Alex Beck, Clara’s founder and CEO, says, “In growing our partnership, we have come to know Swisscom as open to new ideas; eager to try out new things and constantly iterating; and very open with its network book, willing to connect us with other departments internally as well as with other people in the emerging ecosystem.”
Considering new types of matchmakers
Innovation that draws on social values is occurring on many levels and involving a growing number of actors. Today, ecosystems need to do more than match startups with incumbents. Given the scope and complexity of the challenges they face, they must include regulators and other government agencies, NGOs, and social activists. Improved sharing, learning, and networking are key prerequisites in making these complex systems work and deliver value.

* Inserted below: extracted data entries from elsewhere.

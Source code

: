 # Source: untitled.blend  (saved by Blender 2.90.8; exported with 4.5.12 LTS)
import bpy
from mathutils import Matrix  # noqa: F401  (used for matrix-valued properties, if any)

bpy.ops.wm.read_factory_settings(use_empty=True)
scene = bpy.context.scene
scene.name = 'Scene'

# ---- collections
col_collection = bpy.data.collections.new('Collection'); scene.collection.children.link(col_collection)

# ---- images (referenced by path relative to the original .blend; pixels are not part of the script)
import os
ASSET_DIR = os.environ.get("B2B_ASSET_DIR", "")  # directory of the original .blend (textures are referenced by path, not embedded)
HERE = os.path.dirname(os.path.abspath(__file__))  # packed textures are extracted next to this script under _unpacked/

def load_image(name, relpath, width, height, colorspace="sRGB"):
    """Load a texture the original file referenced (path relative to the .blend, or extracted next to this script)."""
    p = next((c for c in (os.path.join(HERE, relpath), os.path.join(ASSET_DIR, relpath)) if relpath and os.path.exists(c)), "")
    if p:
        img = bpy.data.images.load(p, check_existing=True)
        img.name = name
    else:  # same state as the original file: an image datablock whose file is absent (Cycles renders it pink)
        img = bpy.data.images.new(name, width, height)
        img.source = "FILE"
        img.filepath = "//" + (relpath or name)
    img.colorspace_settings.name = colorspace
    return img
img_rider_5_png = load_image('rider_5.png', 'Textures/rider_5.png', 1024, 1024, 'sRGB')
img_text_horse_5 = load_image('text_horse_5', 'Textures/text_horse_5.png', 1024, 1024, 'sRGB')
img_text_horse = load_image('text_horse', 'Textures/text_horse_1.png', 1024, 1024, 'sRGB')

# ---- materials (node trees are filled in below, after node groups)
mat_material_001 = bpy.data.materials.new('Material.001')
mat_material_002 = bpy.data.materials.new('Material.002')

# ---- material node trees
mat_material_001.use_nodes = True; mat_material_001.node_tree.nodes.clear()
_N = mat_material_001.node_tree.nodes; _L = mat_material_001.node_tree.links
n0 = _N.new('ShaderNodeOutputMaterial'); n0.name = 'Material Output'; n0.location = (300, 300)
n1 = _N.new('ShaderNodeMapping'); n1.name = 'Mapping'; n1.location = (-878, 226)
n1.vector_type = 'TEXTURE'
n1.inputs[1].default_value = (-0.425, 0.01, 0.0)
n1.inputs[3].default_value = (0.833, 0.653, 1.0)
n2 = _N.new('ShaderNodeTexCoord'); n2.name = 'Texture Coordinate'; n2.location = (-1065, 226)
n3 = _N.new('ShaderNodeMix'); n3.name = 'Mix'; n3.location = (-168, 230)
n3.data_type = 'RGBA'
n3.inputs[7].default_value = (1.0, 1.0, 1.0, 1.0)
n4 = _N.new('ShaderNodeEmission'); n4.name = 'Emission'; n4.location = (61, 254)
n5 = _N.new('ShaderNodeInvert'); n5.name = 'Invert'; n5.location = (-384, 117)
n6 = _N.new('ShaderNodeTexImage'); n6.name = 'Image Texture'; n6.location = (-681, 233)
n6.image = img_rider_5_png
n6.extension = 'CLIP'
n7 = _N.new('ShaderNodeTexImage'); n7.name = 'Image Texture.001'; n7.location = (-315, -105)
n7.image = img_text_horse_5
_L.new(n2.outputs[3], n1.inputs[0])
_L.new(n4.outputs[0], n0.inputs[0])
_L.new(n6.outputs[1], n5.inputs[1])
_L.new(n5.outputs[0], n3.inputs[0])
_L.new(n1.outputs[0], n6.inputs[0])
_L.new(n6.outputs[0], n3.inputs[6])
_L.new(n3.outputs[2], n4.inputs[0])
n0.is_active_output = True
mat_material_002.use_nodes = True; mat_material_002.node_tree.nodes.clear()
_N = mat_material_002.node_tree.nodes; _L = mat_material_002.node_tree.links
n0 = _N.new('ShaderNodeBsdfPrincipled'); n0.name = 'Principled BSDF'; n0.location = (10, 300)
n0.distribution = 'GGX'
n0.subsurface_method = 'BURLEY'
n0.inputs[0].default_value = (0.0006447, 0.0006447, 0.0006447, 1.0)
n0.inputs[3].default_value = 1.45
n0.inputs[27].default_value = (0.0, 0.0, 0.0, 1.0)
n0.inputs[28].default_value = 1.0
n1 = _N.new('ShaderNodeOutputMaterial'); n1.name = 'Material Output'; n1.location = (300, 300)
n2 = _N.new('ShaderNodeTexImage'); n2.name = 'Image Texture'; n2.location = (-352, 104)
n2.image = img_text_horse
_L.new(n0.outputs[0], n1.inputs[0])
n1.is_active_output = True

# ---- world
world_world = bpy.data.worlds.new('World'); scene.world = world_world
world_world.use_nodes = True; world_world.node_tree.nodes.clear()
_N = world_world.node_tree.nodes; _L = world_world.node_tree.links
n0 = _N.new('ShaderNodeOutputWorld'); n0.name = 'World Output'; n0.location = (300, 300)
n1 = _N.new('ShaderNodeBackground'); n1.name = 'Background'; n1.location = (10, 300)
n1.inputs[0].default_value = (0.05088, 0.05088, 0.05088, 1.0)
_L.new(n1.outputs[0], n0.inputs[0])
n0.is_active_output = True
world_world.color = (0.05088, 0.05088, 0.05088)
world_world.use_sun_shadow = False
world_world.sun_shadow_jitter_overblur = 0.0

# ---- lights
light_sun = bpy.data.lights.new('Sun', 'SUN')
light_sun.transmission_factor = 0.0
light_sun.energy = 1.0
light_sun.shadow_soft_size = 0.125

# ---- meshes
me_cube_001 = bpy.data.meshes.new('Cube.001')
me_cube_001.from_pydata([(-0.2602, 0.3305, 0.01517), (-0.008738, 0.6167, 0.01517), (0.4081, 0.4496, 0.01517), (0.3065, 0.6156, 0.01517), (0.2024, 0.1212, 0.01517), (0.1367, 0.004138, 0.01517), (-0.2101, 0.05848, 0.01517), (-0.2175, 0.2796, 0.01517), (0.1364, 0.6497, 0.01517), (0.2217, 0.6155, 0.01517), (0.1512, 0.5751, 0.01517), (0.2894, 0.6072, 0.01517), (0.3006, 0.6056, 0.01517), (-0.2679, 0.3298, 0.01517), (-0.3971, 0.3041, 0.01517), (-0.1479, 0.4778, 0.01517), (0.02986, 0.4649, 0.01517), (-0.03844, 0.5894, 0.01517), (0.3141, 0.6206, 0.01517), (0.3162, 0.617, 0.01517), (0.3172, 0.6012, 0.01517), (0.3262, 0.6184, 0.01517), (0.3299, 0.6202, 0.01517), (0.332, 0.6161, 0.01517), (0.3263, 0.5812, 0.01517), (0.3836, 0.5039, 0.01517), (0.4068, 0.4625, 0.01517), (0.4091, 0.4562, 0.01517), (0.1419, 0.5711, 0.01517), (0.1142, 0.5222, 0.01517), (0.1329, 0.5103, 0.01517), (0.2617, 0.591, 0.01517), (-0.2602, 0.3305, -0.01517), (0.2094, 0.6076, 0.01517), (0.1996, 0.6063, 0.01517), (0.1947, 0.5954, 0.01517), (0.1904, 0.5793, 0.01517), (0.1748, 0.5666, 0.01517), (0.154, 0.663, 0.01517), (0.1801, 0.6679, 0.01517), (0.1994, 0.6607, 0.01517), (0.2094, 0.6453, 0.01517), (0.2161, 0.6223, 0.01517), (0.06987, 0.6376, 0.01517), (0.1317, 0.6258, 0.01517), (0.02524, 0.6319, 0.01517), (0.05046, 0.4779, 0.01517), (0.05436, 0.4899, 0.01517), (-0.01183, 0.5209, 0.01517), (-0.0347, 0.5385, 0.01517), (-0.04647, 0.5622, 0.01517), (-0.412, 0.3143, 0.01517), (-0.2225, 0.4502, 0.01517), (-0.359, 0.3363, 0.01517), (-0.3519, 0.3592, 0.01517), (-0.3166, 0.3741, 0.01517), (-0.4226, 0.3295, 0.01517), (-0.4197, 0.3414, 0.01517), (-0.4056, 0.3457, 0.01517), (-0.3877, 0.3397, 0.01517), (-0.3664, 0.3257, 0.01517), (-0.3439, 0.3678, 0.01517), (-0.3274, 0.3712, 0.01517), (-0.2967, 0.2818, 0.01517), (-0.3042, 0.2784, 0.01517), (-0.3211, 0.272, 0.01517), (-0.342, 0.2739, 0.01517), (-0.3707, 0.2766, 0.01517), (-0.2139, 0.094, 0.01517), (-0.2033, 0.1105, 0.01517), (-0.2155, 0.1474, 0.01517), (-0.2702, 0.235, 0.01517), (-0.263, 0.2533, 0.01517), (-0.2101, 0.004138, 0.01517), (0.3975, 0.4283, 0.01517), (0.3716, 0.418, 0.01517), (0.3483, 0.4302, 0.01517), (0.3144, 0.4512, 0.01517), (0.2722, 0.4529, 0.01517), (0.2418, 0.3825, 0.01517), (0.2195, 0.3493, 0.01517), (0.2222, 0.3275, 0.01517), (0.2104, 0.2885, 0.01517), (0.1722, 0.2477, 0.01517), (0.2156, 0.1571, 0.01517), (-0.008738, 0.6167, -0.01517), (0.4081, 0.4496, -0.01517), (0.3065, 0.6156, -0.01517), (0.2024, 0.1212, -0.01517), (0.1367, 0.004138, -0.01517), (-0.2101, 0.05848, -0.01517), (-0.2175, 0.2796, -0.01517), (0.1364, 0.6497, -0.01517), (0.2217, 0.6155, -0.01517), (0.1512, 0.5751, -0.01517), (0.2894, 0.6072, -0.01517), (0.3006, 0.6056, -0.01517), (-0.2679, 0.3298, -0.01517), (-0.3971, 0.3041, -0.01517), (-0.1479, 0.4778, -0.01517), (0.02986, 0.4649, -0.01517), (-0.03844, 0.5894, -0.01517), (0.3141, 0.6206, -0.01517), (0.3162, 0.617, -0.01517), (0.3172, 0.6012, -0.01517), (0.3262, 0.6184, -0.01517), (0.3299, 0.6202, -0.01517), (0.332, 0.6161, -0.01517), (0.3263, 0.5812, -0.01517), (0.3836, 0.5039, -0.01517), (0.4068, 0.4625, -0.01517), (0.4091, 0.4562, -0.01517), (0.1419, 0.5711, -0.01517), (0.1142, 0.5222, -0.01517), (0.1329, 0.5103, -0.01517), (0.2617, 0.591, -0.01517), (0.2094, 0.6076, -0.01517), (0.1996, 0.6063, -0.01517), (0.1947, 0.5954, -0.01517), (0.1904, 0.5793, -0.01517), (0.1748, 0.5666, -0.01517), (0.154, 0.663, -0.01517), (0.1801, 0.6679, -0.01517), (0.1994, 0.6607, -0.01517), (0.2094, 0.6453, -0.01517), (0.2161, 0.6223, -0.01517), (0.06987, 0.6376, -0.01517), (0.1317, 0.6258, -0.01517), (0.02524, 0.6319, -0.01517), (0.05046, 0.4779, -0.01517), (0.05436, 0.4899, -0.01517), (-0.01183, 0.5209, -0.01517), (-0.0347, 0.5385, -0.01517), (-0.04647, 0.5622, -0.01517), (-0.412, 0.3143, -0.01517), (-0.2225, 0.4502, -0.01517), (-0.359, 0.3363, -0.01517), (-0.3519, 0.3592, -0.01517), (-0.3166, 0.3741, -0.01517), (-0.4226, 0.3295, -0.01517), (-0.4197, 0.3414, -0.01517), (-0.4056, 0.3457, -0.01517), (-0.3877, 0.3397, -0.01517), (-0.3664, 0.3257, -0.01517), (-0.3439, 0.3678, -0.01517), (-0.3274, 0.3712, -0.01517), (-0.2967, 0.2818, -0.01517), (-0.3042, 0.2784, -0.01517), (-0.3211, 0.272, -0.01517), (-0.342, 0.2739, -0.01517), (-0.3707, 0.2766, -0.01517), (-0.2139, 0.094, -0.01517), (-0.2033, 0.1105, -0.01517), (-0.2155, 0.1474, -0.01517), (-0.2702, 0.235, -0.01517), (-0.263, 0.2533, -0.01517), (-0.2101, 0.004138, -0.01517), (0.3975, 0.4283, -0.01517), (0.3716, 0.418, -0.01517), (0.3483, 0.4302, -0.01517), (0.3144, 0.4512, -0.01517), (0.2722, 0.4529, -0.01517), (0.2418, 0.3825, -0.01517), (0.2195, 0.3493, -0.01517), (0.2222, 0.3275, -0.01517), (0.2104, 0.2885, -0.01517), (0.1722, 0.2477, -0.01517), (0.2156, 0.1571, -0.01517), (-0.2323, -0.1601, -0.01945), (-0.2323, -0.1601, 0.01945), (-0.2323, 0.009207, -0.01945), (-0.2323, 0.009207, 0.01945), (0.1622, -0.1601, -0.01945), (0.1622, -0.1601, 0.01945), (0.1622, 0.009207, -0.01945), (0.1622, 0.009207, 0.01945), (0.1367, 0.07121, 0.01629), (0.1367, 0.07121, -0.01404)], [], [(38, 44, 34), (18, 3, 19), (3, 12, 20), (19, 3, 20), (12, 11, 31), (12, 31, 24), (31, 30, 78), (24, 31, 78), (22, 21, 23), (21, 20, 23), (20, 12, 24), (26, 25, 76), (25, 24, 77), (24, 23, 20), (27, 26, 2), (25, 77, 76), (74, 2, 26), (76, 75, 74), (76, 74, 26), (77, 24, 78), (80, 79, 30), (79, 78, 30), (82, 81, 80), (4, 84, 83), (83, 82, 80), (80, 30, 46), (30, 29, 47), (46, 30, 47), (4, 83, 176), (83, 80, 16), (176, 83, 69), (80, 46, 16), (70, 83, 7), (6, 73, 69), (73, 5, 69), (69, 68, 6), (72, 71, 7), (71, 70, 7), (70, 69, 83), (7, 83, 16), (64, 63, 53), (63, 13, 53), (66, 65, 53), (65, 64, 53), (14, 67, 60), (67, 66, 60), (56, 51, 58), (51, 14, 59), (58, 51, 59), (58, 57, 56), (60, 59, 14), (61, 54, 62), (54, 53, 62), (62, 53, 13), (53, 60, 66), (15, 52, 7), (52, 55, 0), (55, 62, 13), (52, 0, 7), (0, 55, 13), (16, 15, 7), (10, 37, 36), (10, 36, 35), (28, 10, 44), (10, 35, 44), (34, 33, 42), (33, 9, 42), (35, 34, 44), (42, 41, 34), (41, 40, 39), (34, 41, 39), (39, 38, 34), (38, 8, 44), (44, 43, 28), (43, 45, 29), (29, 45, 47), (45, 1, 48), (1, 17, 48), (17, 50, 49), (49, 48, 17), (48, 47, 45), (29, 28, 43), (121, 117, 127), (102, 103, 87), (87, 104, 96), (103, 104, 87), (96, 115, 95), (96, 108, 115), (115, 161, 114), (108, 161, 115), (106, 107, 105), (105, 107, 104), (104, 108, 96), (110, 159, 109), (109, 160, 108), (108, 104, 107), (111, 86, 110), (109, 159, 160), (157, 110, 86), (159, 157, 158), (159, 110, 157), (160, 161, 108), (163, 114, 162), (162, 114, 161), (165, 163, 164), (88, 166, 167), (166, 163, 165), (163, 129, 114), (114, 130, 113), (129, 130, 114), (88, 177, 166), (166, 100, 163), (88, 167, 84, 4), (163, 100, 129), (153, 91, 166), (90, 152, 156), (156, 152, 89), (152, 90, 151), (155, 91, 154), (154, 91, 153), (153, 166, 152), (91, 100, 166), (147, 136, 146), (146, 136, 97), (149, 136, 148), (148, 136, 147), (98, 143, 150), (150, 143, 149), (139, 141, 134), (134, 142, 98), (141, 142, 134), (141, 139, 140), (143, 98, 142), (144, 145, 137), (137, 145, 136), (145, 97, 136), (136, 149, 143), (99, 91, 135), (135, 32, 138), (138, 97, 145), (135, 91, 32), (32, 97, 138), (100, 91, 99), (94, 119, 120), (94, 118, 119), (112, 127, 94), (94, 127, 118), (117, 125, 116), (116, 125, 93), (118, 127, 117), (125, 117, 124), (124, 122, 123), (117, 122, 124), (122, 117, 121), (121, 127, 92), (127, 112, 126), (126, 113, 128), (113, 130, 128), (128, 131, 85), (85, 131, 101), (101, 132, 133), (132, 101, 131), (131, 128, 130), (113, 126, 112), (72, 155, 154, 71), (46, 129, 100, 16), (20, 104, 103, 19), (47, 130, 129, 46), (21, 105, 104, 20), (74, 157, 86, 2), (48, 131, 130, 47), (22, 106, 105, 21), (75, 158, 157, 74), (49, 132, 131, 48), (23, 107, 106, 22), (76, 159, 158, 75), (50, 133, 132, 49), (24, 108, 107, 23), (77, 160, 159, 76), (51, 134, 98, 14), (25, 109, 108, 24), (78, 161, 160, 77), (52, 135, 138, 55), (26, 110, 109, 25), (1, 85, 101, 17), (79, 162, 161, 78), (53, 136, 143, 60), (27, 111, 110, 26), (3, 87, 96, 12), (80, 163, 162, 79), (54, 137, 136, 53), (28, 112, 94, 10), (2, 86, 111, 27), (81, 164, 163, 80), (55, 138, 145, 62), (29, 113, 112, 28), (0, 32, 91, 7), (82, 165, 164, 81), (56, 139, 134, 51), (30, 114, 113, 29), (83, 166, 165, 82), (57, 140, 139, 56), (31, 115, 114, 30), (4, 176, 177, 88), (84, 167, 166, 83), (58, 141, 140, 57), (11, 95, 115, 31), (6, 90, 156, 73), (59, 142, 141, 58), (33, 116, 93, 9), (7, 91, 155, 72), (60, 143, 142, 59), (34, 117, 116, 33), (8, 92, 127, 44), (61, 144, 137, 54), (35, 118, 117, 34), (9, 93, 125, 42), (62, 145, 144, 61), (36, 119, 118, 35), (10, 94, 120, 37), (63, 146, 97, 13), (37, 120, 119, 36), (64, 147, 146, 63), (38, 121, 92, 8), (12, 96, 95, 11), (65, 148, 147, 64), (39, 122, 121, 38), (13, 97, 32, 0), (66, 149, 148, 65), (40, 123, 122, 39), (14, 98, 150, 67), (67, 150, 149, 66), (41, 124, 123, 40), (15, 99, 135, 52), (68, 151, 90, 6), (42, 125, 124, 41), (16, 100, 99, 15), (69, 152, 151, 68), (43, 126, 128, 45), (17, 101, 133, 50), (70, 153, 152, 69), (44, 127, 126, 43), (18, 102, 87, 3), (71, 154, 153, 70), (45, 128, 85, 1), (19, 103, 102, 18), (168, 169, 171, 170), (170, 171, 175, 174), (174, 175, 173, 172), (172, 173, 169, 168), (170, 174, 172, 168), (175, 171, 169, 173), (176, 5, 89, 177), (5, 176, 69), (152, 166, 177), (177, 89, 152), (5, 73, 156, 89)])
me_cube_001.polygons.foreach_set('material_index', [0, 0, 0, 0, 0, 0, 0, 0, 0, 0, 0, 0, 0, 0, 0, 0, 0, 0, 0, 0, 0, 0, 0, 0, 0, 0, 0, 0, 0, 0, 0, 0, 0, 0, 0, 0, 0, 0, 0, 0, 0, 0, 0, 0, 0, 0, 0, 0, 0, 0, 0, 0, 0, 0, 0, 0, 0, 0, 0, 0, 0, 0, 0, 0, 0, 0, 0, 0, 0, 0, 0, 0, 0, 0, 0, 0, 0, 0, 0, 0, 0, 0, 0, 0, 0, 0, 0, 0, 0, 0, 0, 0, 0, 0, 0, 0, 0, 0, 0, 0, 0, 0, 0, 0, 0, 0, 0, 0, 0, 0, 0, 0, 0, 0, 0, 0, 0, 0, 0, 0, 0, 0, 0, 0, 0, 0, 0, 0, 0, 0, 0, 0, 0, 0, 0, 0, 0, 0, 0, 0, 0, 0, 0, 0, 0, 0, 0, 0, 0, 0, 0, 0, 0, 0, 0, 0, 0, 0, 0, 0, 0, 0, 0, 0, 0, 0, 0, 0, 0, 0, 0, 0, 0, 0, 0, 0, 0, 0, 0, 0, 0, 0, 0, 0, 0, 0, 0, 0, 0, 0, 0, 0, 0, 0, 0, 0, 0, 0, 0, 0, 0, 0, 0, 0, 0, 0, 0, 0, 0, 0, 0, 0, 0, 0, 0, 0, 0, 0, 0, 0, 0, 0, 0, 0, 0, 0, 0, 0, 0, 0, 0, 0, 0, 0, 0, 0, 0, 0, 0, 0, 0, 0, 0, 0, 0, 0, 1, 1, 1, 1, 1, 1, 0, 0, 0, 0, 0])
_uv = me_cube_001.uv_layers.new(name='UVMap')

Billing itself as “innovation ecosystems with purpose,” the platform Kickstart Innovation, discussed above, represents a new breed of ecosystem enabler specializing in setting up and accelerating networking and learning. Launched in Zurich in 2015, Kickstart is a zero-equity, multi-corporate platform that matches high-growth startups with established organizations. It also runs a scale-up program for later-stage startups with a goal to accelerate deep tech innovation and achieve sustainable and tangible results.
Science- and engineering-driven technologies have the potential to address humanity’s biggest challenges. They require unprecedented collaboration between established organizations and audacious entrepreneurs. Kickstart is thus committed to building an innovation ecosystem that brings high-growth startups, corporates, cities, foundations, and universities together.
The company takes a phased approach to what it describes as fast-forwarding the innovation process. Its founders believe that high-impact collaboration needs to be construed and executed in stages rather than as a single exercise, because each stage merits different types of attention, tools, and frameworks.
In practical terms, Kickstart selects, encourages, and coaches entrepreneurship as well as intrapreneurship teams to remain agile, competitive, and relevant. It supports them in reaching their milestones faster. Kickstart has been building its own ecosystem of collaboration support, complete with alumni, coaches, and other specialists, which can be activated at different junctures in the collaboration process. Its goal is to strengthen awareness of the many differences among ecosystem players, such as resources, timelines, key performance indicators (KPIs), and vocabulary. These differences can be formidable: for example, whereas a digital startup’s outlook is fixed on next week, a smart city as its partner continues to think in terms of years, if not decades. Kickstart works toward bridging the corporate mindset of tapping the ecosystem for a predefined need and the startup goal of aiming for instant traction and big results.
Constructive collaboration
Disruption, the digital revolution, covid-19—in aggregate, these factors have blurred and, in some cases, dissolved the boundaries between organizations, segments, and entire industries. As a result, innovation ecosystems are emerging as the dominant paradigm for corporate innovation. Yet, because of the fundamental disparities embedded in their structures, ecosystems are difficult to form and initiate, let alone sustain. The people-centric, values-driven, and purposeful approaches described here will help managers patiently design, nurture, and accelerate innovation ecosystems as powerful vehicles of value creation as well as of cultural and organizational change.